Examine each line of the data. Copy the line if it includes the word "whiteSpace".
※
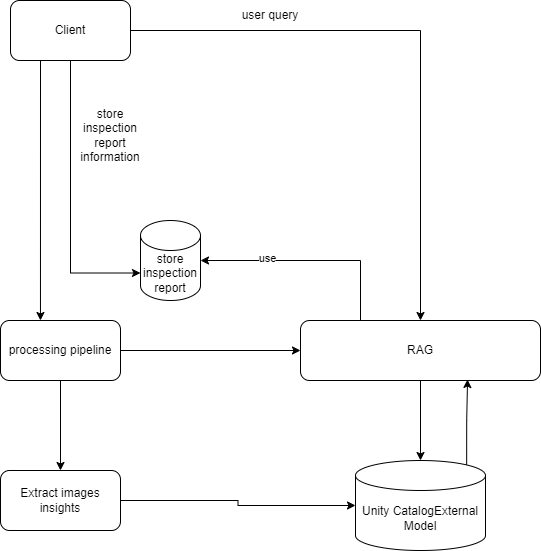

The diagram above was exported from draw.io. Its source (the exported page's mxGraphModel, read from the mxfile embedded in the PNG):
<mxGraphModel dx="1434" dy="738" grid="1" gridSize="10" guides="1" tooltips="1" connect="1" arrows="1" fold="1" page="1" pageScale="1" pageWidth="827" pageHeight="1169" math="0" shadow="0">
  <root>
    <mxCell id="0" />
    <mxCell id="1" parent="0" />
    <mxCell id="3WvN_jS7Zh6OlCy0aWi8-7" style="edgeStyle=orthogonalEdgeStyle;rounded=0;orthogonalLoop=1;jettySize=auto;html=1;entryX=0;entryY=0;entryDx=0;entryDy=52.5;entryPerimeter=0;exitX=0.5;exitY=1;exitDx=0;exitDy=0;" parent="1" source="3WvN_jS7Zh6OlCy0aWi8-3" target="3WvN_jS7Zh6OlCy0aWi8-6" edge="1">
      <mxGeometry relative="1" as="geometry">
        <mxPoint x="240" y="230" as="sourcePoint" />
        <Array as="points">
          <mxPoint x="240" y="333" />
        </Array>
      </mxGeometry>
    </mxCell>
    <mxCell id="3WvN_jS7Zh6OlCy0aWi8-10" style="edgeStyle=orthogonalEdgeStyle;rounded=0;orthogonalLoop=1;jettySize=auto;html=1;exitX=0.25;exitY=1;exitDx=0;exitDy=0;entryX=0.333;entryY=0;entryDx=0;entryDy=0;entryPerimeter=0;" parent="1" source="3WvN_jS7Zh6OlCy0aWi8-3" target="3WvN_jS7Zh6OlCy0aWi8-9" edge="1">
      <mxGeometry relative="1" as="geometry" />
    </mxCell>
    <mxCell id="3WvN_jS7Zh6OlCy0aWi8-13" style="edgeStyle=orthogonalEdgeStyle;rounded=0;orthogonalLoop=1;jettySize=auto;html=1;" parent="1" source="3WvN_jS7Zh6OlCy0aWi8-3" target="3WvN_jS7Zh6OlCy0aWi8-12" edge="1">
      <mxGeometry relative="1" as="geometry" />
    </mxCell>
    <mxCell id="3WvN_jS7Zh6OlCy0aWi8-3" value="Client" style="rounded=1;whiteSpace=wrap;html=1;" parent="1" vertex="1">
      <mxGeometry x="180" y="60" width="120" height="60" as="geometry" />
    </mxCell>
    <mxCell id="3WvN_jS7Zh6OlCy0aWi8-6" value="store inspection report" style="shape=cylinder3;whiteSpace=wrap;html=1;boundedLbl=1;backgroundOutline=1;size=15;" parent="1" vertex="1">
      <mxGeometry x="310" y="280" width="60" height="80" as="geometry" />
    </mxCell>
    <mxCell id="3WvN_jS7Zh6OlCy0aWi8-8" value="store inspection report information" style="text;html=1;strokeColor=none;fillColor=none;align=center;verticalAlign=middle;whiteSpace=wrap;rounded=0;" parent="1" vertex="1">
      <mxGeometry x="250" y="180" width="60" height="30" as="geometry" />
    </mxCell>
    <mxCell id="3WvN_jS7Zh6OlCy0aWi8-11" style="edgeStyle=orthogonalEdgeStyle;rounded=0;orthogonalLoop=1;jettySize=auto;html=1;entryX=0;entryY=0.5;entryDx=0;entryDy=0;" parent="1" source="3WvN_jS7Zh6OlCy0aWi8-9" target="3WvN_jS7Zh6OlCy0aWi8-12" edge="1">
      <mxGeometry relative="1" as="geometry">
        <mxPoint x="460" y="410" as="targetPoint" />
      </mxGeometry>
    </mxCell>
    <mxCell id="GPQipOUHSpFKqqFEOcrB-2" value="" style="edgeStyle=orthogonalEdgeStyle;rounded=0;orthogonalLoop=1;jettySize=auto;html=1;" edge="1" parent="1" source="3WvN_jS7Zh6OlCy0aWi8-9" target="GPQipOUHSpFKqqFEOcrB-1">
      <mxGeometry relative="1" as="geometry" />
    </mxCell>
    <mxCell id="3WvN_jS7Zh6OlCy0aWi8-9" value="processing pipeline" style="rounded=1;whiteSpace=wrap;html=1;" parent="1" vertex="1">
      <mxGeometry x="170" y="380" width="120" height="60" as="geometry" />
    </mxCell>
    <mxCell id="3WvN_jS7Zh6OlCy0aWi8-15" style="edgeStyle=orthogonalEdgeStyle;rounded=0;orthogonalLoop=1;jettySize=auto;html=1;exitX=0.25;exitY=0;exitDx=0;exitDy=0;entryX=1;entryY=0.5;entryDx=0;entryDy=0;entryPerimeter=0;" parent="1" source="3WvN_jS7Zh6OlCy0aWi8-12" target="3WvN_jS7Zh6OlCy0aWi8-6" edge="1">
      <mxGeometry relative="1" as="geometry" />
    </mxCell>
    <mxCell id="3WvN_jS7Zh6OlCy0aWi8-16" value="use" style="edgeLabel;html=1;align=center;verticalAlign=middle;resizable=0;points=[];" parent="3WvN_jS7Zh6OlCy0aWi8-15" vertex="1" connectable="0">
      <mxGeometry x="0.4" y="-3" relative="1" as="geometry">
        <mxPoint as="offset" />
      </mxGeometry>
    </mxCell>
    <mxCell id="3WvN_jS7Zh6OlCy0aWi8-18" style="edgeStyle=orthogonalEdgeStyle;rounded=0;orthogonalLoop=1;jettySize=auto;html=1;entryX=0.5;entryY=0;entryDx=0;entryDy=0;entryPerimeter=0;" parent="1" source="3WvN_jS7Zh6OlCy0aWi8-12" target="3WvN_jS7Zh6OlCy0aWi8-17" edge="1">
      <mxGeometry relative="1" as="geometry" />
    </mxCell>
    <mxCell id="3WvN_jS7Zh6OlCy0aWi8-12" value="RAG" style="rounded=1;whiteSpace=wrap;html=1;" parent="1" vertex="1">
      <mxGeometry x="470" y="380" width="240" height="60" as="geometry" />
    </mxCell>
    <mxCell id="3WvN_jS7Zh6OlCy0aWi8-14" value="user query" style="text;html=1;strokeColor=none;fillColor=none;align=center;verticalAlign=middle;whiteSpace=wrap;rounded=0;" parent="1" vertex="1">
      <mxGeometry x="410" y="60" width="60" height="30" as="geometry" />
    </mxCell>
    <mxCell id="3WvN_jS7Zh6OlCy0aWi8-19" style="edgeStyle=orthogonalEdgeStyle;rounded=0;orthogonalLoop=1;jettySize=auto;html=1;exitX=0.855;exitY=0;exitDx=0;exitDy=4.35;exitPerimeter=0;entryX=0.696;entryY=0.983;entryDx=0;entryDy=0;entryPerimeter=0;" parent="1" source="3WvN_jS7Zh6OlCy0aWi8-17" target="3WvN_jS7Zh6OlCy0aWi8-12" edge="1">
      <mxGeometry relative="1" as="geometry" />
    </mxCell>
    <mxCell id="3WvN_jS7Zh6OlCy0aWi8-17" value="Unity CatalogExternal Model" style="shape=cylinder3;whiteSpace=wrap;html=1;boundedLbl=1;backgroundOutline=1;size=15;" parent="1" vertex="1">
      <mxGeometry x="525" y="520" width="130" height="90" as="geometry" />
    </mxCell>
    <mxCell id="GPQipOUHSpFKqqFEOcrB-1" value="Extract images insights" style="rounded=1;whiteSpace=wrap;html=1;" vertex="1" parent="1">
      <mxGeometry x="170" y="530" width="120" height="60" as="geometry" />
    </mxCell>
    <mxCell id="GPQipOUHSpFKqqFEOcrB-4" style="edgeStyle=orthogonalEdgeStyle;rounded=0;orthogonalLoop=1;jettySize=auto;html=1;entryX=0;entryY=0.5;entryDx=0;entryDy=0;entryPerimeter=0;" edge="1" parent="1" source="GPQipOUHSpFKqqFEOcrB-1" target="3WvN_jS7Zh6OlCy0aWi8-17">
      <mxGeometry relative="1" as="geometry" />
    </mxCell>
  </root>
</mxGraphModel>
※
▸ WRITTEN REPLY
    <mxCell id="3WvN_jS7Zh6OlCy0aWi8-3" value="Client" style="rounded=1;whiteSpace=wrap;html=1;" parent="1" vertex="1">
    <mxCell id="3WvN_jS7Zh6OlCy0aWi8-6" value="store inspection report" style="shape=cylinder3;whiteSpace=wrap;html=1;boundedLbl=1;backgroundOutline=1;size=15;" parent="1" vertex="1">
    <mxCell id="3WvN_jS7Zh6OlCy0aWi8-8" value="store inspection report information" style="text;html=1;strokeColor=none;fillColor=none;align=center;verticalAlign=middle;whiteSpace=wrap;rounded=0;" parent="1" vertex="1">
    <mxCell id="3WvN_jS7Zh6OlCy0aWi8-9" value="processing pipeline" style="rounded=1;whiteSpace=wrap;html=1;" parent="1" vertex="1">
    <mxCell id="3WvN_jS7Zh6OlCy0aWi8-12" value="RAG" style="rounded=1;whiteSpace=wrap;html=1;" parent="1" vertex="1">
    <mxCell id="3WvN_jS7Zh6OlCy0aWi8-14" value="user query" style="text;html=1;strokeColor=none;fillColor=none;align=center;verticalAlign=middle;whiteSpace=wrap;rounded=0;" parent="1" vertex="1">
    <mxCell id="3WvN_jS7Zh6OlCy0aWi8-17" value="Unity CatalogExternal Model" style="shape=cylinder3;whiteSpace=wrap;html=1;boundedLbl=1;backgroundOutline=1;size=15;" parent="1" vertex="1">
    <mxCell id="GPQipOUHSpFKqqFEOcrB-1" value="Extract images insights" style="rounded=1;whiteSpace=wrap;html=1;" vertex="1" parent="1">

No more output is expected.